Fastest cars in Forza Horizon 6 by speed stat
Only three cars in the game carry a maximum speed rating of 10, and they are all S2 hypercars. Everything below them trades a little top end for better launch, braking, or handling. The table ranks the fastest stock cars from the highest speed stat down, since real-world top speed depends heavily on tuning and tires.
| Car | Class | Speed | Handling | Accel. | Launch | Braking |
|---|---|---|---|---|---|---|
![]() | S2 | 10 | 9.1 | 6.5 | 7.0 | 8.9 |
![]() | S2 | 10 | 8.1 | 6.6 | 7.1 | 9.2 |
![]() | S2 | 10 | 8.0 | 6.5 | 7.0 | 8.2 |
![]() | S2 | 9.7 | 6.5 | 6.8 | 7.4 | 7.2 |
![]() | S2 | 9.4 | 8.0 | 7.2 | 7.9 | 9.1 |
![]() | R | 9.2 | 8.8 | 7.4 | 8.0 | 10 |
![]() | R | 9.2 | 9.1 | 7.6 | 8.3 | 10 |
All seven are Legendary-rarity cars. None of them turn up in barn finds or as treasure cars, so you buy them outright from the Autoshow or chase them through the auction house. Prices run from roughly 1.2 million credits for the Zenvo up to about 3.5 million for the Jesko.
Koenigsegg Jesko (2020): the top-speed king

The Jesko sits at the very top of the speed chart with a 10 rating and a stock top speed near 284 mph before you ever open the tuning menu. Its weak point is the launch. Acceleration of 6.5 and a 7.0 launch mean it takes a moment to wind up, so on short sprints a car with better off-the-line punch can beat it before it ever reaches that ceiling. On a genuinely long straight, though, nothing catches it. It also has the highest off-road floor of the top group at 5.0, which is a curious detail if you ever feel like trying it on dirt.
Koenigsegg Agera RS (2017): the balanced max-speed car
The Agera RS matches the Jesko's perfect 10 speed but adds the best braking of the three top-end cars at 9.2. That braking matters more than it sounds, because it lets you carry the car deeper into corners without bleeding time on the exit. Handling of 8.1 also keeps it more settled through fast sections than the Venom F5. If you want a maximum-speed car that stays manageable without a heavy tune, this is the most rounded choice in the tier.
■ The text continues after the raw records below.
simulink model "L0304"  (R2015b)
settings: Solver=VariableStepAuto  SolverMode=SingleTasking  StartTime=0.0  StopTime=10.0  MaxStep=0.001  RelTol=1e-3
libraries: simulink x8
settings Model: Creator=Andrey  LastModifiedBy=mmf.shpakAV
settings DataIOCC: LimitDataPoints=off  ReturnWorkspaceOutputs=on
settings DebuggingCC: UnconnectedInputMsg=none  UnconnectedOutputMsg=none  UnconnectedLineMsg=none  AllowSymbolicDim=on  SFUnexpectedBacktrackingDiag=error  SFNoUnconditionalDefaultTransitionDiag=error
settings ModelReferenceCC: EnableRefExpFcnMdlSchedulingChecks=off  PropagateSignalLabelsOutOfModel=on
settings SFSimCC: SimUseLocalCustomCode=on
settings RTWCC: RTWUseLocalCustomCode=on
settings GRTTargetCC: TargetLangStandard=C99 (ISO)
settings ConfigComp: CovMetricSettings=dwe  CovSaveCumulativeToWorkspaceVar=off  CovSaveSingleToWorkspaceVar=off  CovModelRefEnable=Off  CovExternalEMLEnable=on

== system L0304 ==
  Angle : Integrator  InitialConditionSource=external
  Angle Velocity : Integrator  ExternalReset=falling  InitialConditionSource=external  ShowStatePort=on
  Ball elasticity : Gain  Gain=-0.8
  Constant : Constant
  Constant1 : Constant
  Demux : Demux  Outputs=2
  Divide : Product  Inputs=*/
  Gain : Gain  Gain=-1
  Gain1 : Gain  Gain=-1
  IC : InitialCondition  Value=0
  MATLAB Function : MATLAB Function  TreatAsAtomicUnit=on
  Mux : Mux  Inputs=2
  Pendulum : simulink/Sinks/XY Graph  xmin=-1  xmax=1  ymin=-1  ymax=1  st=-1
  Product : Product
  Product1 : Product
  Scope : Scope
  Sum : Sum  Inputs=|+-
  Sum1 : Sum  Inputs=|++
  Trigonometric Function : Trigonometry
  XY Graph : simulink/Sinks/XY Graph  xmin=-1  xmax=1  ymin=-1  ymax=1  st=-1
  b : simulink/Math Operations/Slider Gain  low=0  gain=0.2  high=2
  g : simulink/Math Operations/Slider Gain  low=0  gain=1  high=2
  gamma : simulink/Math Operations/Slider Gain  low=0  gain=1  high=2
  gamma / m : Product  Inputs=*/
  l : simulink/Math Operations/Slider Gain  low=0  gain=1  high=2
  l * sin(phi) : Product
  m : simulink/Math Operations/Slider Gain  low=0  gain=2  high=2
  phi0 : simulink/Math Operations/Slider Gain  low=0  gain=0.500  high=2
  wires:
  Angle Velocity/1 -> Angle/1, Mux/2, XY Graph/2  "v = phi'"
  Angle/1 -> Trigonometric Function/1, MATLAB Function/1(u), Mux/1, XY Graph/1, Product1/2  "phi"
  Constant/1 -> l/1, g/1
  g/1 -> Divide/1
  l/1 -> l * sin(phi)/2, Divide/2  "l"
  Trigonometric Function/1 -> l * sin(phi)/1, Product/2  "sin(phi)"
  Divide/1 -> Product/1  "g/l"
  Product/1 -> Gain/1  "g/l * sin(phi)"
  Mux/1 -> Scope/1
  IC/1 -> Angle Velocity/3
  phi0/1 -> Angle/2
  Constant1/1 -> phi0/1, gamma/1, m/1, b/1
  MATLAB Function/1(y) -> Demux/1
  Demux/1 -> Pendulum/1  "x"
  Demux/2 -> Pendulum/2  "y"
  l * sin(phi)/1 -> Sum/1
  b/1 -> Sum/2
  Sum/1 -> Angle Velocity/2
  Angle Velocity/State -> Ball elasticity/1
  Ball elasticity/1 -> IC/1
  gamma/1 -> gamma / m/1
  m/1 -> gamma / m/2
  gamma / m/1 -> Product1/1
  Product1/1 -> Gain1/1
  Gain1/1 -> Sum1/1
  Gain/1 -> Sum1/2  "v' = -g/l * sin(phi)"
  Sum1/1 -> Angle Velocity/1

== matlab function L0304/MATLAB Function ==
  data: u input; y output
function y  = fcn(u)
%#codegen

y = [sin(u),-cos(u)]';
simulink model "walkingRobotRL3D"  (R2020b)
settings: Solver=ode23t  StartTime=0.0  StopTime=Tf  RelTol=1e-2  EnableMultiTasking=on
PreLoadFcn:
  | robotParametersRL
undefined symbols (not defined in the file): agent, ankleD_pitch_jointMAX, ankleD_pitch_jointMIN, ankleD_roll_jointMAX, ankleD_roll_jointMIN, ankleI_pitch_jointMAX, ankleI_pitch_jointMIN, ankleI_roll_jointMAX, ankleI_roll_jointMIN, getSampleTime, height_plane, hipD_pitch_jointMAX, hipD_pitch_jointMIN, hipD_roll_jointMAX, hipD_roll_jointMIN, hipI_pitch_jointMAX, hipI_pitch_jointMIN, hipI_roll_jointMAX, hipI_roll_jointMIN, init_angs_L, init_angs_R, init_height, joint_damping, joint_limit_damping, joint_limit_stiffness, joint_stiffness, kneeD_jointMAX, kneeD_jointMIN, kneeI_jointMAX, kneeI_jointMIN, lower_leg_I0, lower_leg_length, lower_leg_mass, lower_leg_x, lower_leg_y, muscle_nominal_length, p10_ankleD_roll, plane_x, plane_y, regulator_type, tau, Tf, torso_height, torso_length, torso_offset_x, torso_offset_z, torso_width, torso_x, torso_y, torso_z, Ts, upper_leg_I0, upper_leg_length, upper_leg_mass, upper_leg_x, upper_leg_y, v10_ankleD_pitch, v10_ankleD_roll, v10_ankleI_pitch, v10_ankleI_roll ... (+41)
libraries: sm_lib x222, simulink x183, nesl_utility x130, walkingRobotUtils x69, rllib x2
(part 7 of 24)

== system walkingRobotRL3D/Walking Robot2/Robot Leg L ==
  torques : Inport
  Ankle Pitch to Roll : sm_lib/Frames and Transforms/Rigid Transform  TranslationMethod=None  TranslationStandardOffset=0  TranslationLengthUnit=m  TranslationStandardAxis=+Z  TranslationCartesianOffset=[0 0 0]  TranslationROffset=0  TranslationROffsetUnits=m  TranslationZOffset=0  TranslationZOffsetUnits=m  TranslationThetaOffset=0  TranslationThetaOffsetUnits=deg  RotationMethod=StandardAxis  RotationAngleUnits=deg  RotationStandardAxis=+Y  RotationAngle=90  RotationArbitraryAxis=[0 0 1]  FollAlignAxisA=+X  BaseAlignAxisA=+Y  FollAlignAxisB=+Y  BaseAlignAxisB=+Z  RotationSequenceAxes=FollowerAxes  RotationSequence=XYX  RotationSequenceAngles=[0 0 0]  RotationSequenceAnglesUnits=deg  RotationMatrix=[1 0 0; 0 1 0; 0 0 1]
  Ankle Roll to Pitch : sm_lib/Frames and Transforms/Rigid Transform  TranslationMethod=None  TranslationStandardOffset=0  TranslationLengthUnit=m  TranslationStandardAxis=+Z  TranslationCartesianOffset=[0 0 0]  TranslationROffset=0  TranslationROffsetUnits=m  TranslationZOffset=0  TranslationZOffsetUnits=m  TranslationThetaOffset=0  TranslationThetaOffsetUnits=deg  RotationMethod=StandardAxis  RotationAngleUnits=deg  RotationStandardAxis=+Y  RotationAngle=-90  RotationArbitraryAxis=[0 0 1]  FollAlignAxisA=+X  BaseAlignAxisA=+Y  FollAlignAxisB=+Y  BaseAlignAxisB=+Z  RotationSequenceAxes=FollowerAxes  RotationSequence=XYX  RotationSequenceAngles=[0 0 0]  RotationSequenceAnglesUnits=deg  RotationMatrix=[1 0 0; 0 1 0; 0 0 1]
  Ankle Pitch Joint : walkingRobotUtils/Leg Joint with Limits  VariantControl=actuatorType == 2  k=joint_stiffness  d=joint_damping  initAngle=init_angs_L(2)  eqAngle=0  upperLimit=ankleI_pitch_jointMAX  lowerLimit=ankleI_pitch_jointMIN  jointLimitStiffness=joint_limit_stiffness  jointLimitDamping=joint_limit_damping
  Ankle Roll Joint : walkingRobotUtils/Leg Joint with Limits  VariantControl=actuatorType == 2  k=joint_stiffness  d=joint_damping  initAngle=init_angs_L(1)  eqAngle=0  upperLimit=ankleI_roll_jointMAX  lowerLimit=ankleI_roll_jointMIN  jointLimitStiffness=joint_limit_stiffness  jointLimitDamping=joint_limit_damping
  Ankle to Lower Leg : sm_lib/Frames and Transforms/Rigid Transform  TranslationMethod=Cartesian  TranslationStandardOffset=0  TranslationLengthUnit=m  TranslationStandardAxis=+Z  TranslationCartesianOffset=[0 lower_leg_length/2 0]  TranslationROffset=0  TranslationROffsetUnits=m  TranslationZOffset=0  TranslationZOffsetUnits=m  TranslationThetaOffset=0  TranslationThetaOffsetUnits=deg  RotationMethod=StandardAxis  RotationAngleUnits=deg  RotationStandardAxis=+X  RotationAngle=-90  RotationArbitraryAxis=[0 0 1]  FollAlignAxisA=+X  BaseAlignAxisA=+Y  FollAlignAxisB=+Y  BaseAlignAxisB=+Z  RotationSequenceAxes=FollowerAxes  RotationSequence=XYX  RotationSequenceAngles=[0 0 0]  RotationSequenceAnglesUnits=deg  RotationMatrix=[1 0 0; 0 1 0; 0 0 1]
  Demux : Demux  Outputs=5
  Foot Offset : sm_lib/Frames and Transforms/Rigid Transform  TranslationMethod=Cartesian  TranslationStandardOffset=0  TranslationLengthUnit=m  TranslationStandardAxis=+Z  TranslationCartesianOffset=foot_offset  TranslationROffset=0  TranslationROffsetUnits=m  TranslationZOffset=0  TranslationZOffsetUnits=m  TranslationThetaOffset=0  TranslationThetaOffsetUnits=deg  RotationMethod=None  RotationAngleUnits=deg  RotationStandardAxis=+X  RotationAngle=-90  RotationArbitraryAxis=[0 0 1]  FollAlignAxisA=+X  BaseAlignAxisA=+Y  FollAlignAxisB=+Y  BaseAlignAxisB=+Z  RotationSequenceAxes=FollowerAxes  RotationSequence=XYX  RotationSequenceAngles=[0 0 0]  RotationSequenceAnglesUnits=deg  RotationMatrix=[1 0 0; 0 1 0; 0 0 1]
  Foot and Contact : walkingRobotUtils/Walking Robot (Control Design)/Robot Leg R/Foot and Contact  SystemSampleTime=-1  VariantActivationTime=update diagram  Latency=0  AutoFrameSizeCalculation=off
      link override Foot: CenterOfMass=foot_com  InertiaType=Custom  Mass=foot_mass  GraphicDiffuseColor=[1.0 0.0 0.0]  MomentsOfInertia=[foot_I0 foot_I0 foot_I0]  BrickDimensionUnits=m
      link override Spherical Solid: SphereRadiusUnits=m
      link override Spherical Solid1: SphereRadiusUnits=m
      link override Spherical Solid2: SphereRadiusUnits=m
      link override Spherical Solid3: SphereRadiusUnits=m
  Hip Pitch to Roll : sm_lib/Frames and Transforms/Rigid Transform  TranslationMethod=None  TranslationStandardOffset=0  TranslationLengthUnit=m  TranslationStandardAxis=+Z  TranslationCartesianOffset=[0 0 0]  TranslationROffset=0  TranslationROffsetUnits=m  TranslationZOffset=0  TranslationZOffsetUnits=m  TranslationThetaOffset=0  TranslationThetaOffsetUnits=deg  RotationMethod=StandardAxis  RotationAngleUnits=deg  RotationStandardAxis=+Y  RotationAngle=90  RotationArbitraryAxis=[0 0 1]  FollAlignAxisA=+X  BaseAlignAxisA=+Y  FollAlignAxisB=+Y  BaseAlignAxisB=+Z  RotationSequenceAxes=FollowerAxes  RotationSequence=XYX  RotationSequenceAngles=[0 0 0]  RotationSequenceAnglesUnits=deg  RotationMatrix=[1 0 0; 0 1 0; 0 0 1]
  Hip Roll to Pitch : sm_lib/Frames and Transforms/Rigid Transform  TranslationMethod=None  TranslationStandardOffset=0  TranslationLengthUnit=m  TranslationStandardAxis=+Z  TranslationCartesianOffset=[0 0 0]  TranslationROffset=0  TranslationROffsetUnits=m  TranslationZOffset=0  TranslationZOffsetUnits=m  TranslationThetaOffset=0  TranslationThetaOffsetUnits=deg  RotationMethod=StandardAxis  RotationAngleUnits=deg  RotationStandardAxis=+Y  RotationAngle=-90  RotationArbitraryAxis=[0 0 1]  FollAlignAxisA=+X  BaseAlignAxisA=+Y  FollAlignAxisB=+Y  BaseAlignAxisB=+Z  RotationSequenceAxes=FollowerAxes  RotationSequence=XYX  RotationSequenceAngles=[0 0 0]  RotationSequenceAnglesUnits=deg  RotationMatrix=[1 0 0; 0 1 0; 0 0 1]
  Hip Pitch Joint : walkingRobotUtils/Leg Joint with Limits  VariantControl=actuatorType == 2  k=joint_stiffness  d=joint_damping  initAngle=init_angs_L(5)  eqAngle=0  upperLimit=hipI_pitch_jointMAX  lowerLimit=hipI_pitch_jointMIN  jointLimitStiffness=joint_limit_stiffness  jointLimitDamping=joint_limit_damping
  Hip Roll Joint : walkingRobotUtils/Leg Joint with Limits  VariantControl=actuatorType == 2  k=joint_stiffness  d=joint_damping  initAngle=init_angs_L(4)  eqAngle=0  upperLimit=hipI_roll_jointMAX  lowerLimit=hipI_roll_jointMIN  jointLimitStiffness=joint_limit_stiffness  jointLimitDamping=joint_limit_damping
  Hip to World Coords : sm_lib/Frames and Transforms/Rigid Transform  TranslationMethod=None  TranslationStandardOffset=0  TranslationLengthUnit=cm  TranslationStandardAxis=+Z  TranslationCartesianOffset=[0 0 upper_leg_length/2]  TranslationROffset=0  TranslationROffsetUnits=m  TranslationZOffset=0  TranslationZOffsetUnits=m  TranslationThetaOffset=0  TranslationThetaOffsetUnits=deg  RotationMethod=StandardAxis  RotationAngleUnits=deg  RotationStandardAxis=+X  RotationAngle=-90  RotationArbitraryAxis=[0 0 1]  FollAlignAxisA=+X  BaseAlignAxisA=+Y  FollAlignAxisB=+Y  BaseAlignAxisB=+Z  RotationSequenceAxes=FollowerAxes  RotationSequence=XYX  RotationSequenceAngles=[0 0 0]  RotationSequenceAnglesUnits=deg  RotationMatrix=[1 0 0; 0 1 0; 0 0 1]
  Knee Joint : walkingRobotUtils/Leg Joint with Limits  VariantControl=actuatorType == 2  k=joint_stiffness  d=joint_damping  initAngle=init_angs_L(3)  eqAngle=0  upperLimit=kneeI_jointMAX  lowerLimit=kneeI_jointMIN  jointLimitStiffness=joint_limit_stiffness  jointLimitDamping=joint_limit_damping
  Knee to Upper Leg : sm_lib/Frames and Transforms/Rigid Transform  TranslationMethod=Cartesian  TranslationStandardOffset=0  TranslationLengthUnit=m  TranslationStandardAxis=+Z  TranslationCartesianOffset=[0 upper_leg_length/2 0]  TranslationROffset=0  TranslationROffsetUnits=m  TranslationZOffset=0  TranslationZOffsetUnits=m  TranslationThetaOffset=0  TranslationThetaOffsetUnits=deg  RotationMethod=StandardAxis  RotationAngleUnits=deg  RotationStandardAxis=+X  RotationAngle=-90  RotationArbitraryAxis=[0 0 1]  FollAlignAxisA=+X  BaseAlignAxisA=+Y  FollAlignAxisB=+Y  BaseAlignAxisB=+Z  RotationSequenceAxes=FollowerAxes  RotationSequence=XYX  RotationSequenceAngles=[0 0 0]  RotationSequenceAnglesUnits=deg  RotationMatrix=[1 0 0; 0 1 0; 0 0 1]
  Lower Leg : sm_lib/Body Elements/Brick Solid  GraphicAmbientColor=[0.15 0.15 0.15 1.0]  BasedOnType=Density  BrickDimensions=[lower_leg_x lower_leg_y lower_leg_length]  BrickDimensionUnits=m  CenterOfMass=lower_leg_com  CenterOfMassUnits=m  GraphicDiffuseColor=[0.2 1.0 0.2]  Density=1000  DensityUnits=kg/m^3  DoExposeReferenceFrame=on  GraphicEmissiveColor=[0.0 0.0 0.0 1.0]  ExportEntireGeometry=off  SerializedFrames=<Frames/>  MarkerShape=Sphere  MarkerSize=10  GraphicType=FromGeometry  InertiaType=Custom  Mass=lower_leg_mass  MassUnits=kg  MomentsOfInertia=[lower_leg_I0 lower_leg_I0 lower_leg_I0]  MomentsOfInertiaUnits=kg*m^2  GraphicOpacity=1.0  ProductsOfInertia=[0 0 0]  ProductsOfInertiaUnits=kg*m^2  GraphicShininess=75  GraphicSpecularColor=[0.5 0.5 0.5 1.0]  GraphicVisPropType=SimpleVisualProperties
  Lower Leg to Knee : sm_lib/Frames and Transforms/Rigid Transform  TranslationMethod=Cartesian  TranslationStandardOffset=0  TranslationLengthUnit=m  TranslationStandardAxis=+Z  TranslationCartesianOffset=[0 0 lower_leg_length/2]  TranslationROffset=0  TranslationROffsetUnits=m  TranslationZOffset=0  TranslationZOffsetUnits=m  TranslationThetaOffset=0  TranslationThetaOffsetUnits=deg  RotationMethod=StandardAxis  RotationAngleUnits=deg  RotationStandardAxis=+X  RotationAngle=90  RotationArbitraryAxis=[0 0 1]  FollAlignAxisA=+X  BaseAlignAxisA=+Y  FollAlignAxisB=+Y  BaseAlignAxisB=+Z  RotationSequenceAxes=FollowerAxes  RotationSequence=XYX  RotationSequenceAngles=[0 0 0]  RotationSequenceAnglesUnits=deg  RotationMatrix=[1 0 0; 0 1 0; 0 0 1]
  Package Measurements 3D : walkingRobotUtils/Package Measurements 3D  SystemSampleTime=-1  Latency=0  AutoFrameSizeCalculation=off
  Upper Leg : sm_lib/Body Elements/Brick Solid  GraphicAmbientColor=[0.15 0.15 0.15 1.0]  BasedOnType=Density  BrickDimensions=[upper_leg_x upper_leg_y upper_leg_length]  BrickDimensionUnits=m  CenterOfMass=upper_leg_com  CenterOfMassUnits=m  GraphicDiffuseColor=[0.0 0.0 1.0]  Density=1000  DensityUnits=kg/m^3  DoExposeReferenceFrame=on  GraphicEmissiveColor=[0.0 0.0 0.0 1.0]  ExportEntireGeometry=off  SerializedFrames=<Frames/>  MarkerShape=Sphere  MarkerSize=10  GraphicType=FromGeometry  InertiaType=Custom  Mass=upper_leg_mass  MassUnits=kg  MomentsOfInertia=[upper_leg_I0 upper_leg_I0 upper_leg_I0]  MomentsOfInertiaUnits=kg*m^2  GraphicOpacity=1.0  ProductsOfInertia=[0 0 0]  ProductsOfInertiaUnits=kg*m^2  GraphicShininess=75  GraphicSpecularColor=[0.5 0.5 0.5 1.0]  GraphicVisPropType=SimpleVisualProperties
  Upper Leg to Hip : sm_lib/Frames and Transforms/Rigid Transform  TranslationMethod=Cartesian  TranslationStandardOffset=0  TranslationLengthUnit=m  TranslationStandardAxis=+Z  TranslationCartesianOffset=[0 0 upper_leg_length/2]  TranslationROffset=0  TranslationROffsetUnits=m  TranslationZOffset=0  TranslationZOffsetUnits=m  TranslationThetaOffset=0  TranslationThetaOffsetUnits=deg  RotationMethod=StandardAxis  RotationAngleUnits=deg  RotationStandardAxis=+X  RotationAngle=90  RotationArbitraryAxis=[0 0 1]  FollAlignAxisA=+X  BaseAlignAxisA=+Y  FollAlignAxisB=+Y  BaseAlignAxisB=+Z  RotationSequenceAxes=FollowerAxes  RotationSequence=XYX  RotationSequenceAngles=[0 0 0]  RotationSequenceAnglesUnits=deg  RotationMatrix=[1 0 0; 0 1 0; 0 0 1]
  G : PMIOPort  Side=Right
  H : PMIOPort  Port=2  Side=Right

It ships on sport tires, so slicks are the obvious first upgrade if pure top speed is the goal.
Hennessey Venom F5 (2021): pure speed, more demanding

The Venom F5 is the third car with a 10 speed rating, but its supporting stats lag behind the two Koenigseggs. Handling at 8.0 and braking at 8.2 are both noticeably lower, and its acceleration and launch are similar without pulling ahead. On paper it earns its top-three spot for speed. In practice it asks more of the driver to stay clean at the limit. With the right tune it is still one of the fastest things on the map, just less forgiving along the way.
McLaren Speedtail (2019): faster off the line than its rating suggests
The Speedtail reads as a 9.7 speed car, but it is the first on the list to come stock on semi-slick tires, which gives it a small real edge straight off the lot. Its 7.4 launch beats all three of the 10-speed hypercars, so in short drag-style events where you never quite hit peak velocity, the Speedtail can out-run cars with a higher top-speed number simply by building pace more efficiently.
Ferrari LaFerrari (2013): the well-rounded option

At a 9.4 speed stat, the LaFerrari trades a little top end for an unusually complete spread of numbers. Braking of 9.1 is excellent, handling of 8.0 is solid, and a 7.2 acceleration paired with a 7.9 launch means it leaves the line quickly for its class. It runs stock on semi-slicks too. If you want a fast car that stays rewarding across mixed roads rather than only on straights, this is the one to reach for.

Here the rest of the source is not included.